### ASSIGNED TASK:
In this exercise, retype exactly the lines from the start of the entries through the line bearing "#36=DIRECTION('',(1.,0.,0.));", leaving every picture out.

===============

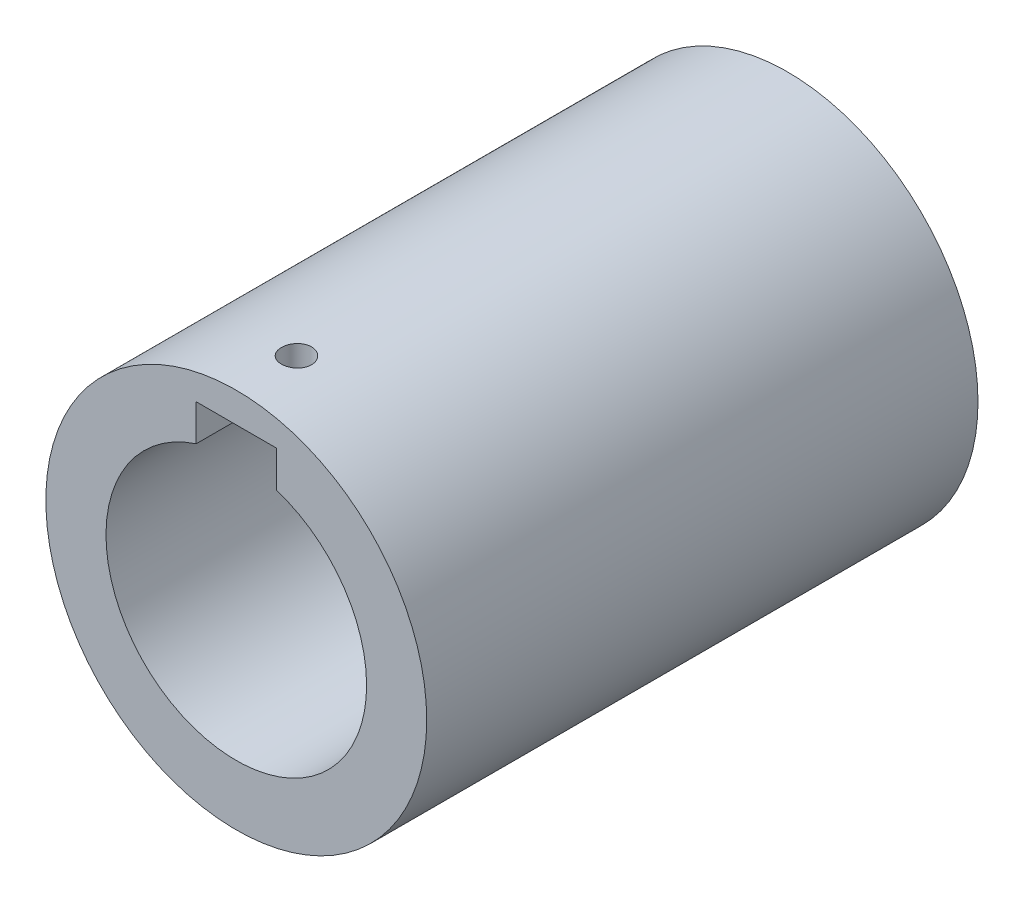
ISO-10303-21;
HEADER;
FILE_DESCRIPTION(('STEP AP214'),'2;1');
FILE_NAME('part.step','',(''),(''),'','','');
FILE_SCHEMA(('AUTOMOTIVE_DESIGN { 1 0 10303 214 1 1 1 1 }'));
ENDSEC;
DATA;
#1=APPLICATION_CONTEXT('core data for automotive mechanical design processes');
#2=APPLICATION_PROTOCOL_DEFINITION('international standard','automotive_design',2000,#1);
#3=PRODUCT_CONTEXT('',#1,'mechanical');
#4=PRODUCT('Part','Part','',(#3));
#5=PRODUCT_RELATED_PRODUCT_CATEGORY('part','',(#4));
#6=PRODUCT_DEFINITION_FORMATION('','',#4);
#7=PRODUCT_DEFINITION_CONTEXT('part definition',#1,'design');
#8=PRODUCT_DEFINITION('design','',#6,#7);
#9=PRODUCT_DEFINITION_SHAPE('','',#8);
#10=(LENGTH_UNIT() NAMED_UNIT(*) SI_UNIT(.MILLI.,.METRE.));
#11=(NAMED_UNIT(*) PLANE_ANGLE_UNIT() SI_UNIT($,.RADIAN.));
#12=(NAMED_UNIT(*) SI_UNIT($,.STERADIAN.) SOLID_ANGLE_UNIT());
#13=UNCERTAINTY_MEASURE_WITH_UNIT(LENGTH_MEASURE(1.E-05),#10,'distance_accuracy_value','');
#14=(GEOMETRIC_REPRESENTATION_CONTEXT(3) GLOBAL_UNCERTAINTY_ASSIGNED_CONTEXT((#13)) GLOBAL_UNIT_ASSIGNED_CONTEXT((#10,
#11,#12)) REPRESENTATION_CONTEXT('',''));
#15=CARTESIAN_POINT('',(0.,0.,0.));
#16=DIRECTION('',(0.,0.,1.));
#17=DIRECTION('',(1.,0.,0.));
#18=AXIS2_PLACEMENT_3D('',#15,#16,#17);
#19=CARTESIAN_POINT('',(0.,0.,55.));
#20=DIRECTION('',(0.,0.,1.));
#21=DIRECTION('',(1.,0.,0.));
#22=AXIS2_PLACEMENT_3D('',#19,#20,#21);
#23=PLANE('',#22);
#24=DIRECTION('',(0.,1.,0.));
#25=VECTOR('',#24,1.);
#26=CARTESIAN_POINT('',(4.,16.,55.));
#27=LINE('',#26,#25);
#28=CARTESIAN_POINT('',(4.,12.369316876853,55.));
#29=VERTEX_POINT('',#28);
#30=CARTESIAN_POINT('',(4.,16.,55.));
#31=VERTEX_POINT('',#30);
#32=EDGE_CURVE('E107',#29,#31,#27,.T.);
#33=ORIENTED_EDGE('',*,*,#32,.F.);
#34=CARTESIAN_POINT('',(0.,0.,55.));
#35=DIRECTION('',(0.,0.,1.));
#36=DIRECTION('',(1.,0.,0.));
#37=AXIS2_PLACEMENT_3D('',#34,#35,#36);
#38=CIRCLE('',#37,13.);
#39=CARTESIAN_POINT('',(-4.,12.369316876853,55.));
#40=VERTEX_POINT('',#39);
#41=EDGE_CURVE('E127',#40,#29,#38,.T.);
#42=ORIENTED_EDGE('',*,*,#41,.F.);
#43=DIRECTION('',(0.,-1.,0.));
#44=VECTOR('',#43,1.);
#45=CARTESIAN_POINT('',(-4.,16.,55.));
#46=LINE('',#45,#44);
#47=CARTESIAN_POINT('',(-4.,16.,55.));
#48=VERTEX_POINT('',#47);
#49=EDGE_CURVE('E104',#48,#40,#46,.T.);
#50=ORIENTED_EDGE('',*,*,#49,.F.);
#51=DIRECTION('',(-1.,0.,0.));
#52=VECTOR('',#51,1.);
#53=CARTESIAN_POINT('',(-4.,16.,55.));
#54=LINE('',#53,#52);
#55=EDGE_CURVE('E96',#31,#48,#54,.T.);
#56=ORIENTED_EDGE('',*,*,#55,.F.);
#57=EDGE_LOOP('',(#33,#42,#50,#56));
#58=FACE_BOUND('',#57,.T.);
#59=CARTESIAN_POINT('',(0.,0.,55.));
#60=DIRECTION('',(0.,0.,1.));
#61=DIRECTION('',(1.,0.,0.));
#62=AXIS2_PLACEMENT_3D('',#59,#60,#61);
#63=CIRCLE('',#62,19.);
#64=CARTESIAN_POINT('',(19.,0.,55.));
#65=VERTEX_POINT('',#64);
#66=EDGE_CURVE('E134',#65,#65,#63,.T.);
#67=ORIENTED_EDGE('',*,*,#66,.T.);
#68=EDGE_LOOP('',(#67));
#69=FACE_BOUND('',#68,.T.);
#70=ADVANCED_FACE('F39',(#58,#69),#23,.T.);
#71=CARTESIAN_POINT('',(0.,0.,0.));
#72=DIRECTION('',(0.,0.,1.));
#73=DIRECTION('',(1.,0.,0.));
#74=AXIS2_PLACEMENT_3D('',#71,#72,#73);
#75=PLANE('',#74);
#76=CARTESIAN_POINT('',(0.,0.,0.));
#77=DIRECTION('',(0.,0.,1.));
#78=DIRECTION('',(1.,0.,0.));
#79=AXIS2_PLACEMENT_3D('',#76,#77,#78);
#80=CIRCLE('',#79,19.);
#81=CARTESIAN_POINT('',(19.,0.,0.));
#82=VERTEX_POINT('',#81);
#83=EDGE_CURVE('E130',#82,#82,#80,.T.);
#84=ORIENTED_EDGE('',*,*,#83,.F.);
#85=EDGE_LOOP('',(#84));
#86=FACE_BOUND('',#85,.T.);
#87=CARTESIAN_POINT('',(0.,0.,0.));
#88=DIRECTION('',(0.,0.,1.));
#89=DIRECTION('',(1.,0.,0.));
#90=AXIS2_PLACEMENT_3D('',#87,#88,#89);
#91=CIRCLE('',#90,13.);
#92=CARTESIAN_POINT('',(13.,0.,0.));
#93=VERTEX_POINT('',#92);
#94=EDGE_CURVE('E125',#93,#93,#91,.T.);
#95=ORIENTED_EDGE('',*,*,#94,.T.);
#96=EDGE_LOOP('',(#95));
#97=FACE_BOUND('',#96,.T.);
#98=ADVANCED_FACE('F175',(#86,#97),#75,.F.);
#99=CARTESIAN_POINT('',(0.,0.,55.));
#100=DIRECTION('',(0.,0.,-1.));
#101=DIRECTION('',(-1.,0.,0.));
#102=AXIS2_PLACEMENT_3D('',#99,#100,#101);
#103=CYLINDRICAL_SURFACE('',#102,19.);
#104=CARTESIAN_POINT('',(0.,19.,47.5));
#105=CARTESIAN_POINT('',(0.084115138718851,18.999999221537,47.5000036806583));
#106=CARTESIAN_POINT('',(0.168287922827546,18.9994354600354,47.5070991504153));
#107=CARTESIAN_POINT('',(0.33430569859837,18.997240706404,47.5353005253483));
#108=CARTESIAN_POINT('',(0.416147925046003,18.9956084974586,47.5564224050853));
#109=CARTESIAN_POINT('',(0.575076027563787,18.9914613431667,47.6120629682147));
#110=CARTESIAN_POINT('',(0.652164524677554,18.9889468894701,47.6465741912389));
#111=CARTESIAN_POINT('',(0.799435680795714,18.9833174206842,47.7280007301823));
#112=CARTESIAN_POINT('',(0.869619836810095,18.9802025362166,47.7749133490418));
#113=CARTESIAN_POINT('',(1.00127051563137,18.9737138537755,47.8799279533634));
#114=CARTESIAN_POINT('',(1.06271896083147,18.9703395405387,47.9380525718033));
#115=CARTESIAN_POINT('',(1.1749989049417,18.9637166459802,48.0637935919702));
#116=CARTESIAN_POINT('',(1.22582994292754,18.960468070122,48.1314104055608));
#117=CARTESIAN_POINT('',(1.31549242293151,18.9544588143707,48.2743246715858));
#118=CARTESIAN_POINT('',(1.3543081273485,18.951698776369,48.3496320268814));
#119=CARTESIAN_POINT('',(1.41873755115466,18.9469848112354,48.5057205754701));
#120=CARTESIAN_POINT('',(1.4443514822562,18.9450308711765,48.5865016809588));
#121=CARTESIAN_POINT('',(1.48159822322927,18.9421545390237,48.7510646600902));
#122=CARTESIAN_POINT('',(1.49326029941244,18.9412299879009,48.8348398713211));
#123=CARTESIAN_POINT('',(1.50236268465663,18.9405102433779,49.003163408575));
#124=CARTESIAN_POINT('',(1.49980323578884,18.9407150307546,49.0877117214142));
#125=CARTESIAN_POINT('',(1.48055943130006,18.9422288673013,49.2549811550176));
#126=CARTESIAN_POINT('',(1.46390684932511,18.9435354324364,49.3377059568554));
#127=CARTESIAN_POINT('',(1.41699882958061,18.9471017023429,49.4991826075616));
#128=CARTESIAN_POINT('',(1.38674327091874,18.9493614155851,49.5779344211145));
#129=CARTESIAN_POINT('',(1.31345245016364,18.9545822190074,49.7293310748596));
#130=CARTESIAN_POINT('',(1.27040289564839,18.9575440928322,49.8019689679994));
#131=CARTESIAN_POINT('',(1.17275641592226,18.9638347400174,49.9389998939552));
#132=CARTESIAN_POINT('',(1.11815928117867,18.9671635200349,50.0033927771302));
#133=CARTESIAN_POINT('',(0.998789069552177,18.9738239428695,50.1222905794803));
#134=CARTESIAN_POINT('',(0.93398851719736,18.9771555685343,50.1767679187932));
#135=CARTESIAN_POINT('',(0.796146882184878,18.9834375709718,50.2740750993956));
#136=CARTESIAN_POINT('',(0.72310579473344,18.9863879475227,50.3169049339094));
#137=CARTESIAN_POINT('',(0.570838809989566,18.991575496542,50.3896994627351));
#138=CARTESIAN_POINT('',(0.491612346167742,18.9938126035852,50.4196629769609));
#139=CARTESIAN_POINT('',(0.329231606345084,18.9973207725944,50.4658552097145));
#140=CARTESIAN_POINT('',(0.246077403532168,18.9985918525535,50.4820841840598));
#141=CARTESIAN_POINT('',(0.0784407393713365,19.0000224384176,50.5003121722034));
#142=CARTESIAN_POINT('',(-0.00603755448042458,19.0001849207592,50.5023492895524));
#143=CARTESIAN_POINT('',(-0.174134501687005,18.9993879456588,50.492235494717));
#144=CARTESIAN_POINT('',(-0.257753162221247,18.9984284975946,50.4800847011234));
#145=CARTESIAN_POINT('',(-0.421648876867881,18.9954975020934,50.4419715748979));
#146=CARTESIAN_POINT('',(-0.501930053359414,18.9935272459175,50.4160268618352));
#147=CARTESIAN_POINT('',(-0.656999501829896,18.9887960412095,50.3510803435539));
#148=CARTESIAN_POINT('',(-0.731787695596674,18.9860350814215,50.3120783524625));
#149=CARTESIAN_POINT('',(-0.873921875208908,18.9800247197833,50.2220283552006));
#150=CARTESIAN_POINT('',(-0.94125179386462,18.976774297697,50.1709550578487));
#151=CARTESIAN_POINT('',(-1.06639608992059,18.9701537726923,50.0582488302556));
#152=CARTESIAN_POINT('',(-1.1242103188841,18.9667836679079,49.9966157353209));
#153=CARTESIAN_POINT('',(-1.22881242487571,18.9602948383227,49.8643743241758));
#154=CARTESIAN_POINT('',(-1.27557547077564,18.9571766897926,49.7937463345234));
#155=CARTESIAN_POINT('',(-1.35657761913601,18.9515527813904,49.6456181472087));
#156=CARTESIAN_POINT('',(-1.39081683559963,18.9490470159439,49.5681180121109));
#157=CARTESIAN_POINT('',(-1.44575693555035,18.94493468603,49.4085340498936));
#158=CARTESIAN_POINT('',(-1.46647311943613,18.9433271056248,49.3264555174995));
#159=CARTESIAN_POINT('',(-1.49382895011884,18.9411896745755,49.1599719251866));
#160=CARTESIAN_POINT('',(-1.50046883646069,18.9406598055914,49.0755669048838));
#161=CARTESIAN_POINT('',(-1.49948094344338,18.9407380213103,48.9070730705285));
#162=CARTESIAN_POINT('',(-1.49189218322356,18.9413429939456,48.8229840234992));
#163=CARTESIAN_POINT('',(-1.46274366938462,18.9436161189885,48.6572785634905));
#164=CARTESIAN_POINT('',(-1.44118389337775,18.9452842730997,48.5756621544735));
#165=CARTESIAN_POINT('',(-1.38471500507716,18.9494949902263,48.4172155015649));
#166=CARTESIAN_POINT('',(-1.34980648222261,18.9520375146316,48.3403850465146));
#167=CARTESIAN_POINT('',(-1.267635548191,18.9577105355609,48.1936691095256));
#168=CARTESIAN_POINT('',(-1.22037336027397,18.9608410214587,48.1237835021084));
#169=CARTESIAN_POINT('',(-1.11469031191135,18.967347409111,47.992741598558));
#170=CARTESIAN_POINT('',(-1.05624065477125,18.9707239299605,47.9316085574228));
#171=CARTESIAN_POINT('',(-0.929892124489476,18.977336317951,47.8199972193479));
#172=CARTESIAN_POINT('',(-0.861990962632755,18.9805721507741,47.7695215105922));
#173=CARTESIAN_POINT('',(-0.718548782250667,18.9865438065605,47.6805972871622));
#174=CARTESIAN_POINT('',(-0.642994879159652,18.989278763737,47.6421695178135));
#175=CARTESIAN_POINT('',(-0.486538032284915,18.9939300983643,47.5785939990502));
#176=CARTESIAN_POINT('',(-0.405641386546966,18.9958474204367,47.5534309168337));
#177=CARTESIAN_POINT('',(-0.270219385273124,18.9981528412889,47.5235385171398));
#178=CARTESIAN_POINT('',(-0.216566049108646,18.9988423900528,47.5147232304149));
#179=CARTESIAN_POINT('',(-0.108616487728126,18.9997662202352,47.5029527902468));
#180=CARTESIAN_POINT('',(-0.0543202640171331,19.0000005027195,47.4999976230875));
#181=CARTESIAN_POINT('',(0.,19.,47.5));
#182=B_SPLINE_CURVE_WITH_KNOTS('',3,(#104,#105,#106,#107,#108,#109,#110,#111,#112,#113,#114,
#115,#116,#117,#118,#119,#120,#121,#122,#123,#124,#125,#126,#127,#128,#129,#130,#131,#132,#133,
#134,#135,#136,#137,#138,#139,#140,#141,#142,#143,#144,#145,#146,#147,#148,#149,#150,#151,#152,
#153,#154,#155,#156,#157,#158,#159,#160,#161,#162,#163,#164,#165,#166,#167,#168,#169,#170,#171,
#172,#173,#174,#175,#176,#177,#178,#179,#180,#181),.UNSPECIFIED.,.T.,.F.,(4,2,2,2,2,2,2,2,2,2,2,
2,2,2,2,2,2,2,2,2,2,2,2,2,2,2,2,2,2,2,2,2,2,2,2,2,2,2,4),(0.,0.252147094273371,
0.504581850393635,0.756876154680074,1.00911563499452,1.26186972745745,1.5146347902352,
1.76772953561851,2.02082022208067,2.27337907304912,2.52593362510898,2.77792029301405,
3.02990920041798,3.28218067450637,3.53445672649366,3.78742409874195,4.04039161814991,
4.29338233453676,4.54636833865407,4.79867484092892,5.05097923429395,5.30296211992514,
5.55494859273475,5.80746776930199,6.05999088458261,6.3130761162029,6.56615904395593,
6.81895512684885,7.07174690772234,7.32384647280326,7.57594644186007,7.82803528025071,
8.08011956311297,8.33286165921683,8.58566506452427,8.8389014107439,9.09184439276203,
9.25467749271784,9.41751021154461),.UNSPECIFIED.);
#183=CARTESIAN_POINT('',(0.,19.,47.5));
#184=VERTEX_POINT('',#183);
#185=EDGE_CURVE('E115',#184,#184,#182,.T.);
#186=ORIENTED_EDGE('',*,*,#185,.T.);
#187=EDGE_LOOP('',(#186));
#188=FACE_BOUND('',#187,.T.);
#189=ORIENTED_EDGE('',*,*,#66,.F.);
#190=EDGE_LOOP('',(#189));
#191=FACE_BOUND('',#190,.T.);
#192=ORIENTED_EDGE('',*,*,#83,.T.);
#193=EDGE_LOOP('',(#192));
#194=FACE_BOUND('',#193,.T.);
#195=ADVANCED_FACE('F170',(#188,#191,#194),#103,.T.);
#196=CARTESIAN_POINT('',(0.,0.,55.));
#197=DIRECTION('',(0.,0.,-1.));
#198=DIRECTION('',(-1.,0.,0.));
#199=AXIS2_PLACEMENT_3D('',#196,#197,#198);
#200=CYLINDRICAL_SURFACE('',#199,13.);
#201=DIRECTION('',(0.,0.,-1.));
#202=VECTOR('',#201,1.);
#203=CARTESIAN_POINT('',(4.,12.369316876853,55.));
#204=LINE('',#203,#202);
#205=CARTESIAN_POINT('',(4.,12.369316876853,35.));
#206=VERTEX_POINT('',#205);
#207=EDGE_CURVE('E110',#206,#29,#204,.F.);
#208=ORIENTED_EDGE('',*,*,#207,.F.);
#209=CARTESIAN_POINT('',(4.,12.369316876853,35.));
#210=CARTESIAN_POINT('',(4.00001385875116,12.3693011035853,34.8903589271203));
#211=CARTESIAN_POINT('',(3.99549233624107,12.3707742931061,34.7807268404003));
#212=CARTESIAN_POINT('',(3.9774863748489,12.3765813332193,34.5623024702961));
#213=CARTESIAN_POINT('',(3.96400404054377,12.3809145121,34.4535099957846));
#214=CARTESIAN_POINT('',(3.92823242982962,12.392309008466,34.2378252008089));
#215=CARTESIAN_POINT('',(3.90596696332449,12.3993629491883,34.1309285529554));
#216=CARTESIAN_POINT('',(3.85284974839525,12.4159702793321,33.9195168222985));
#217=CARTESIAN_POINT('',(3.82199775729043,12.425523739397,33.8150018068974));
#218=CARTESIAN_POINT('',(3.71694633457353,12.4575172220575,33.5061898789446));
#219=CARTESIAN_POINT('',(3.63020445075814,12.4833062806009,33.3063458264658));
#220=CARTESIAN_POINT('',(3.42599546814647,12.540882869718,32.9240331294347));
#221=CARTESIAN_POINT('',(3.30851201676433,12.5726735902852,32.7415738031437));
#222=CARTESIAN_POINT('',(3.0419774942674,12.6398490352741,32.3931078202265));
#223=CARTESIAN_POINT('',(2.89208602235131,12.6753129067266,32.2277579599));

===============

### ANSWER TO THIS EXERCISE:
ISO-10303-21;
HEADER;
FILE_DESCRIPTION(('STEP AP214'),'2;1');
FILE_NAME('part.step','',(''),(''),'','','');
FILE_SCHEMA(('AUTOMOTIVE_DESIGN { 1 0 10303 214 1 1 1 1 }'));
ENDSEC;
DATA;
#1=APPLICATION_CONTEXT('core data for automotive mechanical design processes');
#2=APPLICATION_PROTOCOL_DEFINITION('international standard','automotive_design',2000,#1);
#3=PRODUCT_CONTEXT('',#1,'mechanical');
#4=PRODUCT('Part','Part','',(#3));
#5=PRODUCT_RELATED_PRODUCT_CATEGORY('part','',(#4));
#6=PRODUCT_DEFINITION_FORMATION('','',#4);
#7=PRODUCT_DEFINITION_CONTEXT('part definition',#1,'design');
#8=PRODUCT_DEFINITION('design','',#6,#7);
#9=PRODUCT_DEFINITION_SHAPE('','',#8);
#10=(LENGTH_UNIT() NAMED_UNIT(*) SI_UNIT(.MILLI.,.METRE.));
#11=(NAMED_UNIT(*) PLANE_ANGLE_UNIT() SI_UNIT($,.RADIAN.));
#12=(NAMED_UNIT(*) SI_UNIT($,.STERADIAN.) SOLID_ANGLE_UNIT());
#13=UNCERTAINTY_MEASURE_WITH_UNIT(LENGTH_MEASURE(1.E-05),#10,'distance_accuracy_value','');
#14=(GEOMETRIC_REPRESENTATION_CONTEXT(3) GLOBAL_UNCERTAINTY_ASSIGNED_CONTEXT((#13)) GLOBAL_UNIT_ASSIGNED_CONTEXT((#10,
#11,#12)) REPRESENTATION_CONTEXT('',''));
#15=CARTESIAN_POINT('',(0.,0.,0.));
#16=DIRECTION('',(0.,0.,1.));
#17=DIRECTION('',(1.,0.,0.));
#18=AXIS2_PLACEMENT_3D('',#15,#16,#17);
#19=CARTESIAN_POINT('',(0.,0.,55.));
#20=DIRECTION('',(0.,0.,1.));
#21=DIRECTION('',(1.,0.,0.));
#22=AXIS2_PLACEMENT_3D('',#19,#20,#21);
#23=PLANE('',#22);
#24=DIRECTION('',(0.,1.,0.));
#25=VECTOR('',#24,1.);
#26=CARTESIAN_POINT('',(4.,16.,55.));
#27=LINE('',#26,#25);
#28=CARTESIAN_POINT('',(4.,12.369316876853,55.));
#29=VERTEX_POINT('',#28);
#30=CARTESIAN_POINT('',(4.,16.,55.));
#31=VERTEX_POINT('',#30);
#32=EDGE_CURVE('E107',#29,#31,#27,.T.);
#33=ORIENTED_EDGE('',*,*,#32,.F.);
#34=CARTESIAN_POINT('',(0.,0.,55.));
#35=DIRECTION('',(0.,0.,1.));
#36=DIRECTION('',(1.,0.,0.));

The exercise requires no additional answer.